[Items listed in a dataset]
:::

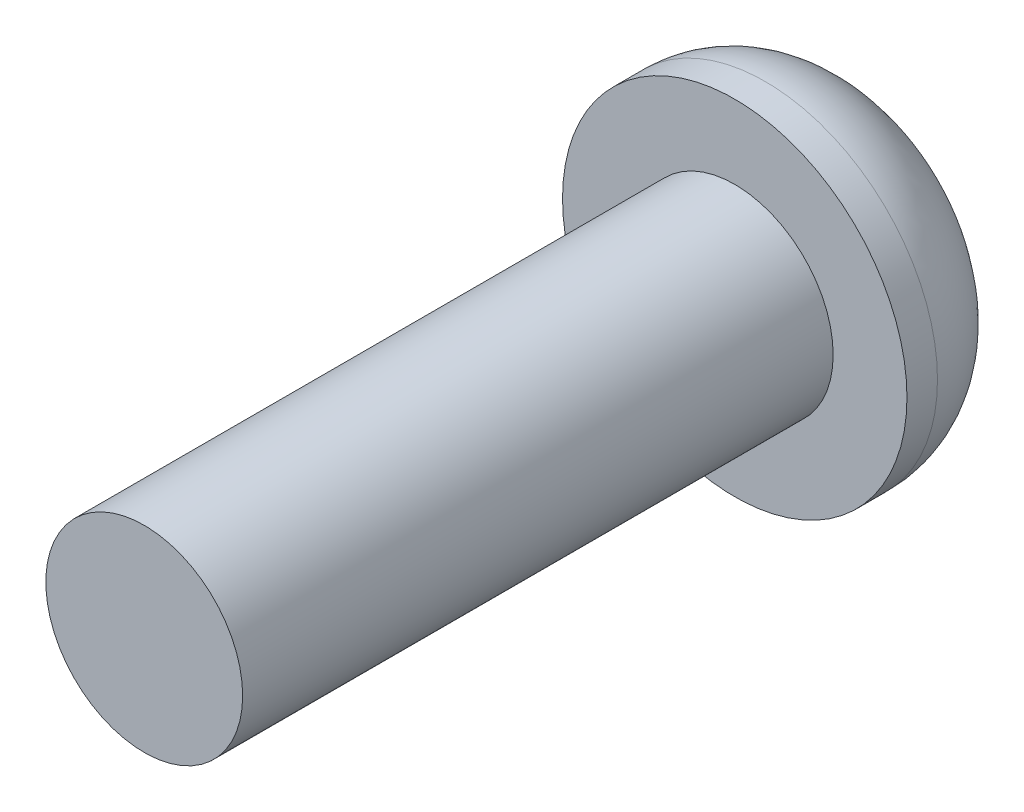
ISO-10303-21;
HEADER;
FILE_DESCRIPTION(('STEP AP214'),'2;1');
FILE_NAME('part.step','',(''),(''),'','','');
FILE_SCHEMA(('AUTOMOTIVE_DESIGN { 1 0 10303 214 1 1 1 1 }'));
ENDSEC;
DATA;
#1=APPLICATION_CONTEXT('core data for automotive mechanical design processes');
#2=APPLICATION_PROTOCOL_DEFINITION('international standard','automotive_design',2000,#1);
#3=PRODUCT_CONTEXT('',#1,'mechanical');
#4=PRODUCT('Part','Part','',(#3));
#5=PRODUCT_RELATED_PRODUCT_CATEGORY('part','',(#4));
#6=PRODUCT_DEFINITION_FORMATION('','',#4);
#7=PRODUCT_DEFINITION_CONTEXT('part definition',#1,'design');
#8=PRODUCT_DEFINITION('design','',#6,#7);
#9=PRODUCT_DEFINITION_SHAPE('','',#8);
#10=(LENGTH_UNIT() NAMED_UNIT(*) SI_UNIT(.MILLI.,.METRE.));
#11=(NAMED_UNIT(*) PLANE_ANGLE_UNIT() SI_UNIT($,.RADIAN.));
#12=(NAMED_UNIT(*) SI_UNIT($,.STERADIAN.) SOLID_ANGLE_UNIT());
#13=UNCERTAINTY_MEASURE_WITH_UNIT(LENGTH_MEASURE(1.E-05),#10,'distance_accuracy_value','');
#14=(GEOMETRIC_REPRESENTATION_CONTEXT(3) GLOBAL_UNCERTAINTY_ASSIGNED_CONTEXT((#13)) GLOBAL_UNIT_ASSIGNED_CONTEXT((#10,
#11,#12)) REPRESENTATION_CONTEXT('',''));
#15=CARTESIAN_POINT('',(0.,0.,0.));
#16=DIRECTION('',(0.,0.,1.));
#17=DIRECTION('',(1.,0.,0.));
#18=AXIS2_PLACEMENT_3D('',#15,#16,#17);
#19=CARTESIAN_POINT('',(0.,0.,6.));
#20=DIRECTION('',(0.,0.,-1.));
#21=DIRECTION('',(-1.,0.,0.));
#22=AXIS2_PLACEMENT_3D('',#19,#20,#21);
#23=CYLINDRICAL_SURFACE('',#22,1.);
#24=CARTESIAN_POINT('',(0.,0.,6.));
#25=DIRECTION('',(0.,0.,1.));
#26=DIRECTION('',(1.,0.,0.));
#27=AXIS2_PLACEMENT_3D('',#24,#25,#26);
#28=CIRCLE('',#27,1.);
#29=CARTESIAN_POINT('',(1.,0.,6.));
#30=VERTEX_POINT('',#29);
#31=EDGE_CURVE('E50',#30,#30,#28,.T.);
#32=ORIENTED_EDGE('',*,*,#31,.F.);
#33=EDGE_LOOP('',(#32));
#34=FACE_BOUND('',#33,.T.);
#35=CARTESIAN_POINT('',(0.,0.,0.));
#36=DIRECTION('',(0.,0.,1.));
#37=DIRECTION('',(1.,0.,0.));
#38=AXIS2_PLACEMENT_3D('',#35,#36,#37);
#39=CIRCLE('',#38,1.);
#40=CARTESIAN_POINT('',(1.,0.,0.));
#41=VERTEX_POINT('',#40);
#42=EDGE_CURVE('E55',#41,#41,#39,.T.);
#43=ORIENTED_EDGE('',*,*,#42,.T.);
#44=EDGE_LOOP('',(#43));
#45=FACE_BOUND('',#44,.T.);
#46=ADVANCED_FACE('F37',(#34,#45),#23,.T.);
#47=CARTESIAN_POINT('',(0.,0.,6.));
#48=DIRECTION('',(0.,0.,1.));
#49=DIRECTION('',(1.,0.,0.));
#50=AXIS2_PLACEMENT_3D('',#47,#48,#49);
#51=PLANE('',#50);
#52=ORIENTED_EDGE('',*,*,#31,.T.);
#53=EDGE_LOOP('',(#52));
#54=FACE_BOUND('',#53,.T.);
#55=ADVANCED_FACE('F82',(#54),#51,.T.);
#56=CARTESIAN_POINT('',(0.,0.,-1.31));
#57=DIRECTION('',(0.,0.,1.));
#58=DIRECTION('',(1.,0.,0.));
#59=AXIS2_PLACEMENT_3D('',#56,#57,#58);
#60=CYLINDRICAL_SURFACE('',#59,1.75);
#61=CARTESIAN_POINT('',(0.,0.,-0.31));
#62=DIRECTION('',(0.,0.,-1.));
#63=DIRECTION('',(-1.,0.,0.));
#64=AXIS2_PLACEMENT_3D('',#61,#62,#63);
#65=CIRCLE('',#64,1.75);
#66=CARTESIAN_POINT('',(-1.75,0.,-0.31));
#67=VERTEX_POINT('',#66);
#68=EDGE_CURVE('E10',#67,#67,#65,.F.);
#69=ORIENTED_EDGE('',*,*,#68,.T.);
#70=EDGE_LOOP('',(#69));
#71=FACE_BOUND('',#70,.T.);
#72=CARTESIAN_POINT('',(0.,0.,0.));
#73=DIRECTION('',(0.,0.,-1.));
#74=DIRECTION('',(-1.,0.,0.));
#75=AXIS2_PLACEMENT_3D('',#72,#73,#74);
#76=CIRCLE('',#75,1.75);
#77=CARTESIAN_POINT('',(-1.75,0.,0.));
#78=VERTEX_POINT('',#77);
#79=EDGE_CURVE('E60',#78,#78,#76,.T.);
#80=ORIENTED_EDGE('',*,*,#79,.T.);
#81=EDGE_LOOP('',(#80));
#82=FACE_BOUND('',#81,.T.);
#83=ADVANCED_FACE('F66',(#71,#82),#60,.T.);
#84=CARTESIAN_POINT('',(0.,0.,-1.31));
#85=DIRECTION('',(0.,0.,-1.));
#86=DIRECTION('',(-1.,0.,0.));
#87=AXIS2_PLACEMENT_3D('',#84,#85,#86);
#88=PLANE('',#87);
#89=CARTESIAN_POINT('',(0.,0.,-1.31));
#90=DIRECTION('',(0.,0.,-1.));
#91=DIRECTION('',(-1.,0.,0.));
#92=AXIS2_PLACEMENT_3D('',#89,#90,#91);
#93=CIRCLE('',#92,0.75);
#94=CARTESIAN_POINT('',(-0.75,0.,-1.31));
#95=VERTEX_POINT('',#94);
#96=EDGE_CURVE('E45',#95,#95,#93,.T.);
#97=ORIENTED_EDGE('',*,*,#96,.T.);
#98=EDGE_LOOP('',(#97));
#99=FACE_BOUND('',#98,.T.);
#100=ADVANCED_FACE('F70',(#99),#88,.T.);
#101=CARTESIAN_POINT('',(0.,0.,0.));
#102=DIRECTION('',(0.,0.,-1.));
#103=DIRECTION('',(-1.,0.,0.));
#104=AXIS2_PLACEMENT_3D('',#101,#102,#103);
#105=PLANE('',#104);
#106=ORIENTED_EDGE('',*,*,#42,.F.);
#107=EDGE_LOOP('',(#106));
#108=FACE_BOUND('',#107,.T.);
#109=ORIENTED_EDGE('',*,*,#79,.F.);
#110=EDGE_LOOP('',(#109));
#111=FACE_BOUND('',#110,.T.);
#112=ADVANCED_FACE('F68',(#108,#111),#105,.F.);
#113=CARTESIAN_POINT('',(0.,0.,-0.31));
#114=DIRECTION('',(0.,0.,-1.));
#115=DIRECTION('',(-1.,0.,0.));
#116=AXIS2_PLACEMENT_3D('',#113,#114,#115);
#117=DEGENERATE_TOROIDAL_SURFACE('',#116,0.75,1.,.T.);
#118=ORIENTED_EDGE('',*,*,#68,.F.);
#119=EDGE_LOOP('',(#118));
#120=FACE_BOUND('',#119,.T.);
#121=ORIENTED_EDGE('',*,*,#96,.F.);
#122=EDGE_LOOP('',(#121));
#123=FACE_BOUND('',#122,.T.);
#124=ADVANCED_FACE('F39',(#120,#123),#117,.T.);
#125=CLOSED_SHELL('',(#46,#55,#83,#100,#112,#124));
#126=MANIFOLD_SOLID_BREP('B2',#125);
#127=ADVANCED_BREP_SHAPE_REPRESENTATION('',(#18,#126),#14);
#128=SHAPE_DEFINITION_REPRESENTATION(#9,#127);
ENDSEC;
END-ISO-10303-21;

:::

### TASK DIRECTIONS
Please give an exact copy of the lines above, beginning with the line containing "#31=EDGE_CURVE('E50',#30,#30,#28,.T.);" and running through the line containing "#54=FACE_BOUND('',#53,.T.);", and of no other lines.

### SOLUTION TO THIS PROBLEM
#31=EDGE_CURVE('E50',#30,#30,#28,.T.);
#32=ORIENTED_EDGE('',*,*,#31,.F.);
#33=EDGE_LOOP('',(#32));
#34=FACE_BOUND('',#33,.T.);
#35=CARTESIAN_POINT('',(0.,0.,0.));
#36=DIRECTION('',(0.,0.,1.));
#37=DIRECTION('',(1.,0.,0.));
#38=AXIS2_PLACEMENT_3D('',#35,#36,#37);
#39=CIRCLE('',#38,1.);
#40=CARTESIAN_POINT('',(1.,0.,0.));
#41=VERTEX_POINT('',#40);
#42=EDGE_CURVE('E55',#41,#41,#39,.T.);
#43=ORIENTED_EDGE('',*,*,#42,.T.);
#44=EDGE_LOOP('',(#43));
#45=FACE_BOUND('',#44,.T.);
#46=ADVANCED_FACE('F37',(#34,#45),#23,.T.);
#47=CARTESIAN_POINT('',(0.,0.,6.));
#48=DIRECTION('',(0.,0.,1.));
#49=DIRECTION('',(1.,0.,0.));
#50=AXIS2_PLACEMENT_3D('',#47,#48,#49);
#51=PLANE('',#50);
#52=ORIENTED_EDGE('',*,*,#31,.T.);
#53=EDGE_LOOP('',(#52));
#54=FACE_BOUND('',#53,.T.);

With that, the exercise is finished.